The first line of the entries is where the copy starts and the line with "msp.add_lwpolyline(points, close=True, dxfattribs=at)" is where it ends; set down each line exactly, both ends included, and drop pictures.

Stored items from a collection —

--- START ---

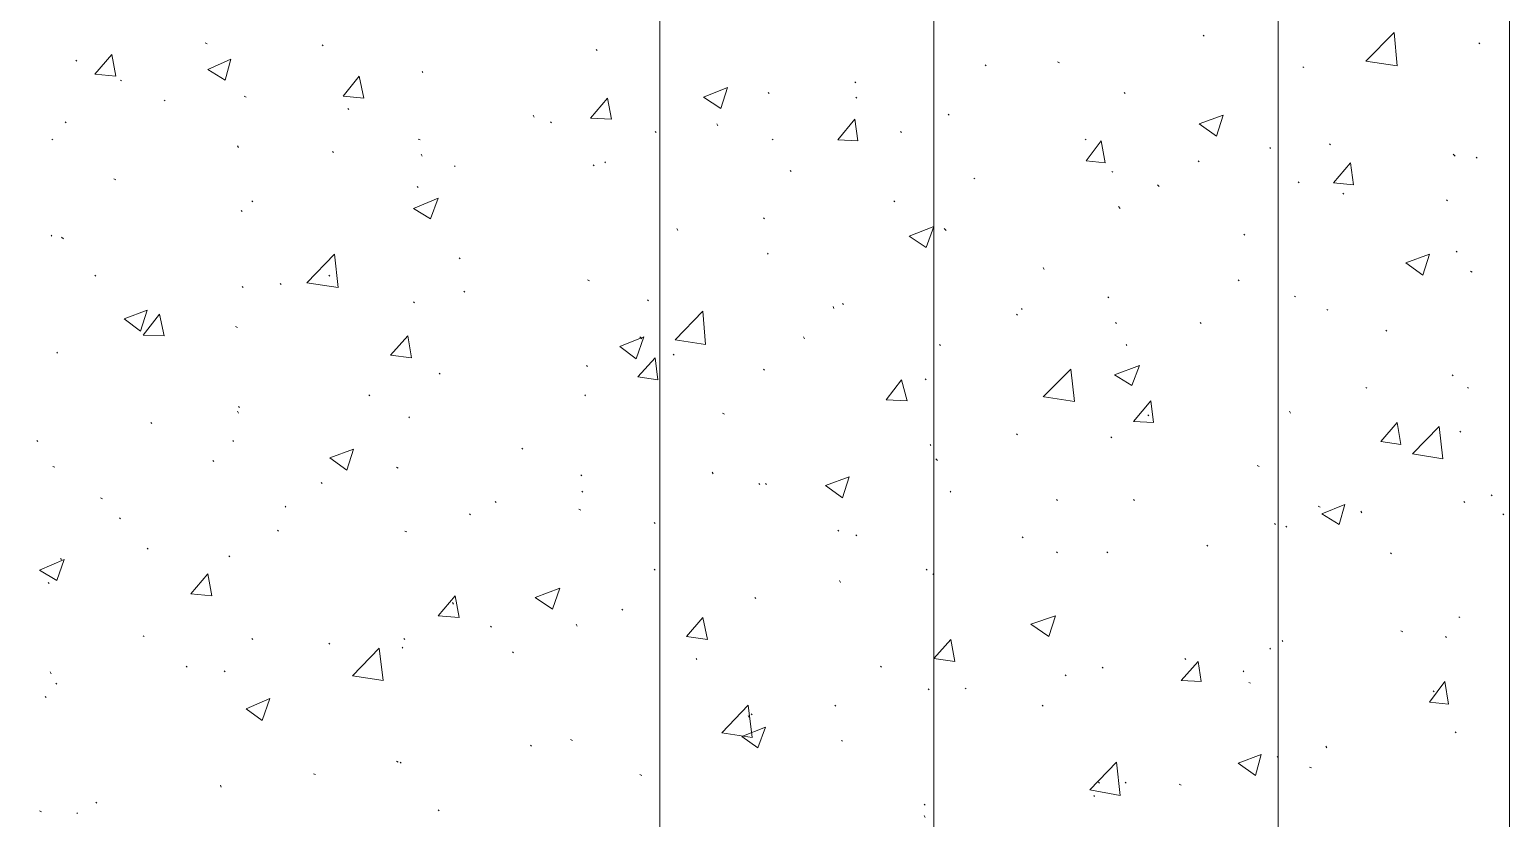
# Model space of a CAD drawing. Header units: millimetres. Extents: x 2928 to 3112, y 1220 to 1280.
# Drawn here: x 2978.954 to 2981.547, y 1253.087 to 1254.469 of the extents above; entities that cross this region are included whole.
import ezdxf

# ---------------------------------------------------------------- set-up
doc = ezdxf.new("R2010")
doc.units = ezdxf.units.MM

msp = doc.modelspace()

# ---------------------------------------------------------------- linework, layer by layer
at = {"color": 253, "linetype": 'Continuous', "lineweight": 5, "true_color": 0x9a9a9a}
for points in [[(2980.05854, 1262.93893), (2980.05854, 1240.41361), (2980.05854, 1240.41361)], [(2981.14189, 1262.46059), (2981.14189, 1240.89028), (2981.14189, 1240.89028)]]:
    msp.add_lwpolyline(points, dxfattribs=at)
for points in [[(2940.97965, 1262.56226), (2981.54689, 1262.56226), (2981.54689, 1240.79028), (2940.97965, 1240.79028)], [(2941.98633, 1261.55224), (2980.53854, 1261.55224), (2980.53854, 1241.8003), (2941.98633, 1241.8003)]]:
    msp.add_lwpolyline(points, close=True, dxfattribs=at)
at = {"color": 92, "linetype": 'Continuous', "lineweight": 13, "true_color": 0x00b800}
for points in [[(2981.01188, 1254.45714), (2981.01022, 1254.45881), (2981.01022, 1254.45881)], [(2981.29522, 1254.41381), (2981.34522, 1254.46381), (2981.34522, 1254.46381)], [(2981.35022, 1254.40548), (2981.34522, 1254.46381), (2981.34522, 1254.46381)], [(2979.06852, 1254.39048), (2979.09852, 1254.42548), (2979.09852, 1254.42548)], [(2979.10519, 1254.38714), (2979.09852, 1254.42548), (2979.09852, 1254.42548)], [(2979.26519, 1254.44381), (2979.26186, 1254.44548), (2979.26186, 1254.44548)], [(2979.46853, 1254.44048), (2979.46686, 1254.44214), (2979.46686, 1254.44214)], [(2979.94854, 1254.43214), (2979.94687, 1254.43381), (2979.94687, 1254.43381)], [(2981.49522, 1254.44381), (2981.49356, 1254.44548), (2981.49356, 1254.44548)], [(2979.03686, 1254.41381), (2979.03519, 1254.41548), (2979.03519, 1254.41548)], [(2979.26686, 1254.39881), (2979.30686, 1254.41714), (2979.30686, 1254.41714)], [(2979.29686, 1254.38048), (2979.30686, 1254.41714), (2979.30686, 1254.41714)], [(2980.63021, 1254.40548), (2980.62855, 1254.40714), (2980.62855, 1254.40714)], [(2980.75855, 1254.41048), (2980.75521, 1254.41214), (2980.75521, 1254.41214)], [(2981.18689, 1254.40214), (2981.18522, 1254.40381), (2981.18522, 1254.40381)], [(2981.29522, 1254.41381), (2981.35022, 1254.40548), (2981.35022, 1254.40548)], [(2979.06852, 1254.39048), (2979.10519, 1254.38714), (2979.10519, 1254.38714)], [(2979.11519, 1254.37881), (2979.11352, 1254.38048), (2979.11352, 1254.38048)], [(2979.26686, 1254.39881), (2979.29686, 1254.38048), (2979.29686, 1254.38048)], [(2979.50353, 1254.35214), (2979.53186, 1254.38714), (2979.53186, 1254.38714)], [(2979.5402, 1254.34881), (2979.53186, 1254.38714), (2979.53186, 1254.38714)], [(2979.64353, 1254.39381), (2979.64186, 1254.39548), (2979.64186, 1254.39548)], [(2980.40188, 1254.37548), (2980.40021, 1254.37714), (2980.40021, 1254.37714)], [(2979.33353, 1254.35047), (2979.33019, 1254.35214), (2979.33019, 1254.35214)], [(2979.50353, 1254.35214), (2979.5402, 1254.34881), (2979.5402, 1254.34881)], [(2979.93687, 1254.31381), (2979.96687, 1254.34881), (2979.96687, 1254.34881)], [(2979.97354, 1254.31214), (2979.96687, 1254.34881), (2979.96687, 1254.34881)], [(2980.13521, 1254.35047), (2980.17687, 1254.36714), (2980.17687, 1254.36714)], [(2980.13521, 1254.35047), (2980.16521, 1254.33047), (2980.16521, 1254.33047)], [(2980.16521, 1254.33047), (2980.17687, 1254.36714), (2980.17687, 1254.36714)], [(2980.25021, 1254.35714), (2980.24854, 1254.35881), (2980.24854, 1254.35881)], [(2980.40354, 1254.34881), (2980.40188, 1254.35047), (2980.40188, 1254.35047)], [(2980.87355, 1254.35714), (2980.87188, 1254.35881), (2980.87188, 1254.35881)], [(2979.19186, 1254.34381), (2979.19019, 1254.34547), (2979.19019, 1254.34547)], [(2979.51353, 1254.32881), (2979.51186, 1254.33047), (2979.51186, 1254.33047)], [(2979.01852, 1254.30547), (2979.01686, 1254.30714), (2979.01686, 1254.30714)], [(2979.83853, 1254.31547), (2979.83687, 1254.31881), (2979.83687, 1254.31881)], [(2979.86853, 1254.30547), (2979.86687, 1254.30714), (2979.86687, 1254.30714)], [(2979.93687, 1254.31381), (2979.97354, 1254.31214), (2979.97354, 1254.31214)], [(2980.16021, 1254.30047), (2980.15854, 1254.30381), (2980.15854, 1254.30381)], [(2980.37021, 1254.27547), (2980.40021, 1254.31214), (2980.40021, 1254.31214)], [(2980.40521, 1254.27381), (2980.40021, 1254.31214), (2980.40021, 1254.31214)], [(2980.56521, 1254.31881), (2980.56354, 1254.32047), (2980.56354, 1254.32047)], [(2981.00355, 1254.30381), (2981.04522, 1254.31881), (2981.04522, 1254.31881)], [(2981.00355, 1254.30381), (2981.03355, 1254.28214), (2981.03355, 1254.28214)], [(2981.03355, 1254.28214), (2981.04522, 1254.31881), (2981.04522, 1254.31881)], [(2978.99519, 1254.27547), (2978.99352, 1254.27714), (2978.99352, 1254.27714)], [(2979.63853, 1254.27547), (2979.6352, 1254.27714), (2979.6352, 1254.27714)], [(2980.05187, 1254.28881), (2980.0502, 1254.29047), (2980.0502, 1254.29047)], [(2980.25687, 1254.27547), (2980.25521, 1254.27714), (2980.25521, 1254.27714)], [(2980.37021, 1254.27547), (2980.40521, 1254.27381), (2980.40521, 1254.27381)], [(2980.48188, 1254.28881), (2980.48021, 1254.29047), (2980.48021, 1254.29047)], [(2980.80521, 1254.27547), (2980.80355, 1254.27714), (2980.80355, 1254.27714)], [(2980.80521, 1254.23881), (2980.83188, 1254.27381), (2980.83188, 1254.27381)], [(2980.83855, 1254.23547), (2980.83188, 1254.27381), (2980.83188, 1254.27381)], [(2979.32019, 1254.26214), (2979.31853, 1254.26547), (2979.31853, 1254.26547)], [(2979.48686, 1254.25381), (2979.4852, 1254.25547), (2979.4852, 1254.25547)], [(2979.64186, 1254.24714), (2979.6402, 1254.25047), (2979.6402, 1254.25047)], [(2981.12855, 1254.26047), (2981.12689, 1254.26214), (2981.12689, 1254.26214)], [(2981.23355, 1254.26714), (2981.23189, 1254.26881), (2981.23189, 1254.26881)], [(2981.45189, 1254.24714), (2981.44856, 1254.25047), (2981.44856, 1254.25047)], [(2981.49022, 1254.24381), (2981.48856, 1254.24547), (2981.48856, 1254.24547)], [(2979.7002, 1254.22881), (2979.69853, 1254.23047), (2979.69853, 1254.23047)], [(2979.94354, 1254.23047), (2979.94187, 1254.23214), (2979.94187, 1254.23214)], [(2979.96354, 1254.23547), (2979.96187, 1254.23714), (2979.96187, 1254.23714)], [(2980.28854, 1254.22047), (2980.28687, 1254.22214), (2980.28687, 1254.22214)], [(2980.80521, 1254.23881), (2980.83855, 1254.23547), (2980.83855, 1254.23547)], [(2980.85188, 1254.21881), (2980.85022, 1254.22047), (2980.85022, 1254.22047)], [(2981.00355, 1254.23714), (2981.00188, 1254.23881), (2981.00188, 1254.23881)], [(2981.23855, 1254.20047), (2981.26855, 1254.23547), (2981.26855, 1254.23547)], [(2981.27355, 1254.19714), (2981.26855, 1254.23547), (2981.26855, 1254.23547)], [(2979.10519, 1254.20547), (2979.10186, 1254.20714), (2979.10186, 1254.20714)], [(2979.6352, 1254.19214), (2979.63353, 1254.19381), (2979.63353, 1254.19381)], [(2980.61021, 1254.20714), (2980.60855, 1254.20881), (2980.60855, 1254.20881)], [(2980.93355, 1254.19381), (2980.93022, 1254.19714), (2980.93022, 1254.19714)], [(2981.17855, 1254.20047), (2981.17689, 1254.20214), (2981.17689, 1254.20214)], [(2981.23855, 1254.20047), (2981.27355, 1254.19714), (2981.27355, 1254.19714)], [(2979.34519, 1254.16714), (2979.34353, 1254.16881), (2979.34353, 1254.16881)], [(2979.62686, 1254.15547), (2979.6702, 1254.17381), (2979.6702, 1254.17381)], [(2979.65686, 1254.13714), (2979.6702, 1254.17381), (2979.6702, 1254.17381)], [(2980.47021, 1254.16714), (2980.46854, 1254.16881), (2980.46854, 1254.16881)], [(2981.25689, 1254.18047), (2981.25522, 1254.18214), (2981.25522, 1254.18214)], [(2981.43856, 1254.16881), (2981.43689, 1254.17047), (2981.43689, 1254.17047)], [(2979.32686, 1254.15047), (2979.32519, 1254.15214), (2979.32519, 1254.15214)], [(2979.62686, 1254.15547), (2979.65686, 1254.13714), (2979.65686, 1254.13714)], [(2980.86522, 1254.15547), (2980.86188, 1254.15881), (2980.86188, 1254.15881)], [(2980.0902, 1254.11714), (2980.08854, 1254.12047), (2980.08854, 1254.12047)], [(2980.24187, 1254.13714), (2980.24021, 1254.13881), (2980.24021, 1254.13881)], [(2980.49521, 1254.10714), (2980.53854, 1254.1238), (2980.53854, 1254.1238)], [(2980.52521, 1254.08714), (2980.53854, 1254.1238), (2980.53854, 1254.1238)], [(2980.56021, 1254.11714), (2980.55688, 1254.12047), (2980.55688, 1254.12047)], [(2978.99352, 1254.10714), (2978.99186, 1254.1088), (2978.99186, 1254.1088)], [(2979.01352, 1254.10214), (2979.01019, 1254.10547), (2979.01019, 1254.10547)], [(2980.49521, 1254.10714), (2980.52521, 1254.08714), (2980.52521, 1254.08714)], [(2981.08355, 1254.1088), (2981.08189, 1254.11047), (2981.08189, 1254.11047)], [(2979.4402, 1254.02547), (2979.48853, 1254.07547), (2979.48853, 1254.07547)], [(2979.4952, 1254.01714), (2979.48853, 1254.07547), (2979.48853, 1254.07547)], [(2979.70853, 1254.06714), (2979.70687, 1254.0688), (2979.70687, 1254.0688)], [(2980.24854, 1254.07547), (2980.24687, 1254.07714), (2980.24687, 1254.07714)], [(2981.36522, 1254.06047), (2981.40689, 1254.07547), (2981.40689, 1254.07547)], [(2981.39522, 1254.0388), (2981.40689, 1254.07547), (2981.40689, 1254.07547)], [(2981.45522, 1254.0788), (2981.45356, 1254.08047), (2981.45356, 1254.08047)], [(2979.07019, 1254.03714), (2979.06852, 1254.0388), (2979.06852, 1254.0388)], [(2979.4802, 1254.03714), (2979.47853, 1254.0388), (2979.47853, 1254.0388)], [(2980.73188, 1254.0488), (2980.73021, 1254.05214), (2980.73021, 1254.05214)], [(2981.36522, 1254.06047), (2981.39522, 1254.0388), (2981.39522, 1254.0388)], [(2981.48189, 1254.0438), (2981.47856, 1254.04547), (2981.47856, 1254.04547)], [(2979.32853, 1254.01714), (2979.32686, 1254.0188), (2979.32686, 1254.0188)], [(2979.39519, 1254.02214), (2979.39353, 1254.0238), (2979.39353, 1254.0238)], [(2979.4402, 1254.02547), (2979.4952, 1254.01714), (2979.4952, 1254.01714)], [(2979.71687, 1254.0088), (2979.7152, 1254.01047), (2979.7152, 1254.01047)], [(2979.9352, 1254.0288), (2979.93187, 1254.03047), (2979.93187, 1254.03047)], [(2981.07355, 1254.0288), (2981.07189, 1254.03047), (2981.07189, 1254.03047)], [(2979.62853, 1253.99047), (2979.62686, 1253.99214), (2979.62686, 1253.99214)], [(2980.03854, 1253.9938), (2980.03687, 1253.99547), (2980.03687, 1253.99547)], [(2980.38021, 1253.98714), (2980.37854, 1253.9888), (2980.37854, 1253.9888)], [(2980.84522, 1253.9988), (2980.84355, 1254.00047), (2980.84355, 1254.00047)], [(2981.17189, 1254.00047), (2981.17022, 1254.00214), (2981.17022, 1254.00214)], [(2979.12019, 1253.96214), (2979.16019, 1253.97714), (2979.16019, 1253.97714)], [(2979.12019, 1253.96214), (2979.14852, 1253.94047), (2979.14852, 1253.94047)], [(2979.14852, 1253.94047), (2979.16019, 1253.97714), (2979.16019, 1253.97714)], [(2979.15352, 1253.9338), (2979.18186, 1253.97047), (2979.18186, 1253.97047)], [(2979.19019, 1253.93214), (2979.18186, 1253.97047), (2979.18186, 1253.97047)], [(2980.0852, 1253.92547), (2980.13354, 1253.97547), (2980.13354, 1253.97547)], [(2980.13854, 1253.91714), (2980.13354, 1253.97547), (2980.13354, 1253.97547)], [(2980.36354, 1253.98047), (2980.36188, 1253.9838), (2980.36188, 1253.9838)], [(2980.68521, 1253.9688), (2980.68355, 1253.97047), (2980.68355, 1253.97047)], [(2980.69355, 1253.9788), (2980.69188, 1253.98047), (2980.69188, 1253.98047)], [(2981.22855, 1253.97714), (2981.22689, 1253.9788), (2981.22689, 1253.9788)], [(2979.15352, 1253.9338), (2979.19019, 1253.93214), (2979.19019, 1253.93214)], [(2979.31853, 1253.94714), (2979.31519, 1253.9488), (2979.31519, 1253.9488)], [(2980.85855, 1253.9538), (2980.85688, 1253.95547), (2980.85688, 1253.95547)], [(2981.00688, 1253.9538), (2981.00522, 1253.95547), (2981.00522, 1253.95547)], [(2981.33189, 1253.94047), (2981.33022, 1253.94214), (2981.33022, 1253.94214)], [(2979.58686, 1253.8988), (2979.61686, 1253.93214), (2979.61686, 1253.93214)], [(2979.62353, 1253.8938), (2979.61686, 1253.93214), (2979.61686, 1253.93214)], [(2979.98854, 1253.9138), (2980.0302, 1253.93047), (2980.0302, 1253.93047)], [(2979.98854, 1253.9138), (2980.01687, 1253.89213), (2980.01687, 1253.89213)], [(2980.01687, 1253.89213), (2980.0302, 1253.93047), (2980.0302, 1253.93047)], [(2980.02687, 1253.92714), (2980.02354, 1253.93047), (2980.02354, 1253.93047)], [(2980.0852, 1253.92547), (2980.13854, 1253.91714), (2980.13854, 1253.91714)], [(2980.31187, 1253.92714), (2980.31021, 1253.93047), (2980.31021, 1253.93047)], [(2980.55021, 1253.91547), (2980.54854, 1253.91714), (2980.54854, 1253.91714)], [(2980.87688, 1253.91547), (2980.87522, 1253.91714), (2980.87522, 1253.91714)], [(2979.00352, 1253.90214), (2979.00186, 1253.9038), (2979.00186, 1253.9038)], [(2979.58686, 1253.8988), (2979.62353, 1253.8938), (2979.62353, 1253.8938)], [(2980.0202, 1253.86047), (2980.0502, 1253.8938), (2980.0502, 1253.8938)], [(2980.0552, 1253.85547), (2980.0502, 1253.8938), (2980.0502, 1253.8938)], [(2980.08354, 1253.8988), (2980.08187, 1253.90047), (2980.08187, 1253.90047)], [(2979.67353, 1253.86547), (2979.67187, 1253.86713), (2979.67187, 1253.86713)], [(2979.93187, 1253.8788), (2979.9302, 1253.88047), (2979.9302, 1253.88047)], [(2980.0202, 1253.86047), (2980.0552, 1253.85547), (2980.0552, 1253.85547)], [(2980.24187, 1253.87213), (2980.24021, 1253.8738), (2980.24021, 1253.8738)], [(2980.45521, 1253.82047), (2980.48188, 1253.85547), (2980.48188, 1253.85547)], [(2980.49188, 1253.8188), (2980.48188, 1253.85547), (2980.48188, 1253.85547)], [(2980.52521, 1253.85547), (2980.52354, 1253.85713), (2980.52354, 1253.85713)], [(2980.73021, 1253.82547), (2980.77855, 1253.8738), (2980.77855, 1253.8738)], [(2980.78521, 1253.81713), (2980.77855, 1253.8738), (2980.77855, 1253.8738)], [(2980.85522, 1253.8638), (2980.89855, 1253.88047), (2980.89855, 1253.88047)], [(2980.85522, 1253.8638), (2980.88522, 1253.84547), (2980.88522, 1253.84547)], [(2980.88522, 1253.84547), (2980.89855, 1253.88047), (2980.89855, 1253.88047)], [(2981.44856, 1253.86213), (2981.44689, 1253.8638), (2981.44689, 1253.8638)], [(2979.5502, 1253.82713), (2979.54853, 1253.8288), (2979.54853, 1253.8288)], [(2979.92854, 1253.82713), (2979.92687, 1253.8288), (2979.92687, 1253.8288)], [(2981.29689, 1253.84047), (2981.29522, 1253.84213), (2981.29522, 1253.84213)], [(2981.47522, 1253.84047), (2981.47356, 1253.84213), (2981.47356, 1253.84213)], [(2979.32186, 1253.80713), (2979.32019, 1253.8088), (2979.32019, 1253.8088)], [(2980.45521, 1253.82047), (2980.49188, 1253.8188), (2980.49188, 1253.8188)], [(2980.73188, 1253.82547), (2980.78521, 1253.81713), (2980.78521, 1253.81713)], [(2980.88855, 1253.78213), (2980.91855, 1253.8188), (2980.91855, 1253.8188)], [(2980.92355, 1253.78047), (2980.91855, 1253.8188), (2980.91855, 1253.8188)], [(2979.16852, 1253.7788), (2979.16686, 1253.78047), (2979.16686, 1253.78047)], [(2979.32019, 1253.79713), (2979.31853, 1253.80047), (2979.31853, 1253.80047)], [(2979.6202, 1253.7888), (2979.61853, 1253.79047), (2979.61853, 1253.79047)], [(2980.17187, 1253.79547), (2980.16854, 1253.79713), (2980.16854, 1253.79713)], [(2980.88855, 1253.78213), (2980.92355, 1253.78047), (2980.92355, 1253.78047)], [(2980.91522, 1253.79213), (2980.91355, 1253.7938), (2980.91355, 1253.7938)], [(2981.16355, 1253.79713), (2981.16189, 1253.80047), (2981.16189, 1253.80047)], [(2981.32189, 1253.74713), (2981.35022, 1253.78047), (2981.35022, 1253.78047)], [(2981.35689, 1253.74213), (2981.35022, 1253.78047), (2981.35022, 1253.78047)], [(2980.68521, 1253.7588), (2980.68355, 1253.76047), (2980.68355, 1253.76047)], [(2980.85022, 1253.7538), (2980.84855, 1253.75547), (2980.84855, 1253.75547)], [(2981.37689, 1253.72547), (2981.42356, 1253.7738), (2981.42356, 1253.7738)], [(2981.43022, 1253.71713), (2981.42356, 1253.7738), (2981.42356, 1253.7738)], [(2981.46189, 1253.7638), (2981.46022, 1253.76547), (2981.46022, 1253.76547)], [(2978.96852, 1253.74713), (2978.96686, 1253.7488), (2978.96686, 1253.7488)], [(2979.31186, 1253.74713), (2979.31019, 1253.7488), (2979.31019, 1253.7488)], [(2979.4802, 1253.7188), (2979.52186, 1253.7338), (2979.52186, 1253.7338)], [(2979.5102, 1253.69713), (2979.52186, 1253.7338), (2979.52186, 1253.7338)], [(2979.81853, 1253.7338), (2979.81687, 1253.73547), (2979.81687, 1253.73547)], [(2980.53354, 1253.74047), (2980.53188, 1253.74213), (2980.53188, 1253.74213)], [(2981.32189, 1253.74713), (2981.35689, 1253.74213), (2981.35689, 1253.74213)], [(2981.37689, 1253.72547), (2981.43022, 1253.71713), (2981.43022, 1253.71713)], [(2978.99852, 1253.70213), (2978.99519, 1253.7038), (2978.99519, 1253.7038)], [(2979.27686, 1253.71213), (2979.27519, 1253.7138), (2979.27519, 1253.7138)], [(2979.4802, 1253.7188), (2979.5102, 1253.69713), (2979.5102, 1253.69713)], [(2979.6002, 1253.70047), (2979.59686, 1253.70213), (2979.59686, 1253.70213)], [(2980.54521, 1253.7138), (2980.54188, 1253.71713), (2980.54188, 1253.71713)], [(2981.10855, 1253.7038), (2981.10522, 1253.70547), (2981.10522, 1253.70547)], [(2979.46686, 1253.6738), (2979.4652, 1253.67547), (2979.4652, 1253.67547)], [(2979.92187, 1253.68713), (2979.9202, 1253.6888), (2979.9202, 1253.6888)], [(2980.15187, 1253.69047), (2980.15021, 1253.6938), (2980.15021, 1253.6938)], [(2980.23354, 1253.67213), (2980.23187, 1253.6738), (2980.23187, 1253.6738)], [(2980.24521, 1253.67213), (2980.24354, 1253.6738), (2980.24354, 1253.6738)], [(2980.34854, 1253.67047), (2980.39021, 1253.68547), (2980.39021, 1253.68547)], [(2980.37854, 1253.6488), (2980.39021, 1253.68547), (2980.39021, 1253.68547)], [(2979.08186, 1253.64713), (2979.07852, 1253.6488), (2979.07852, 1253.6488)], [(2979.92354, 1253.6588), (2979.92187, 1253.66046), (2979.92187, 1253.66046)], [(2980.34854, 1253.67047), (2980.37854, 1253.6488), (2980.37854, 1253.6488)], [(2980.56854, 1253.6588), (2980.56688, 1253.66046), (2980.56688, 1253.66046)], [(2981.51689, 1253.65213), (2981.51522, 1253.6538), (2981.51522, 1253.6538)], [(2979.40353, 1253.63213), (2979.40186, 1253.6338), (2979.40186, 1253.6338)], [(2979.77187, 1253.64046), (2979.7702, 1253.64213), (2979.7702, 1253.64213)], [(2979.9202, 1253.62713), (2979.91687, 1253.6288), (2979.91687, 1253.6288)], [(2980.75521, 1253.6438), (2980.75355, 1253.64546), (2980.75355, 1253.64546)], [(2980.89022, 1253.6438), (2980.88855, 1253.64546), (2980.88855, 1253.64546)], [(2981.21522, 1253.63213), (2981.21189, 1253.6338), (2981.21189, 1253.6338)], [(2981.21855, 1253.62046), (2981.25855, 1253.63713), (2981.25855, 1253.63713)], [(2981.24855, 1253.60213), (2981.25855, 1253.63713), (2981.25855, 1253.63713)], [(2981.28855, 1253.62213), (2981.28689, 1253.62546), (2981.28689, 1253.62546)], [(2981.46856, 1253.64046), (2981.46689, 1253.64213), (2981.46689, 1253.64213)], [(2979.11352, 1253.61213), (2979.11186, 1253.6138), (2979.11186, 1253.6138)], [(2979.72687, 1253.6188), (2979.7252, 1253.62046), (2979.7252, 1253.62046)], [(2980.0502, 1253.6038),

--- END ---

Your response —
# Model space of a CAD drawing. Header units: millimetres. Extents: x 2928 to 3112, y 1220 to 1280.
# Drawn here: x 2978.954 to 2981.547, y 1253.087 to 1254.469 of the extents above; entities that cross this region are included whole.
import ezdxf

# ---------------------------------------------------------------- set-up
doc = ezdxf.new("R2010")
doc.units = ezdxf.units.MM

msp = doc.modelspace()

# ---------------------------------------------------------------- linework, layer by layer
at = {"color": 253, "linetype": 'Continuous', "lineweight": 5, "true_color": 0x9a9a9a}
for points in [[(2980.05854, 1262.93893), (2980.05854, 1240.41361), (2980.05854, 1240.41361)], [(2981.14189, 1262.46059), (2981.14189, 1240.89028), (2981.14189, 1240.89028)]]:
    msp.add_lwpolyline(points, dxfattribs=at)
for points in [[(2940.97965, 1262.56226), (2981.54689, 1262.56226), (2981.54689, 1240.79028), (2940.97965, 1240.79028)], [(2941.98633, 1261.55224), (2980.53854, 1261.55224), (2980.53854, 1241.8003), (2941.98633, 1241.8003)]]:
    msp.add_lwpolyline(points, close=True, dxfattribs=at)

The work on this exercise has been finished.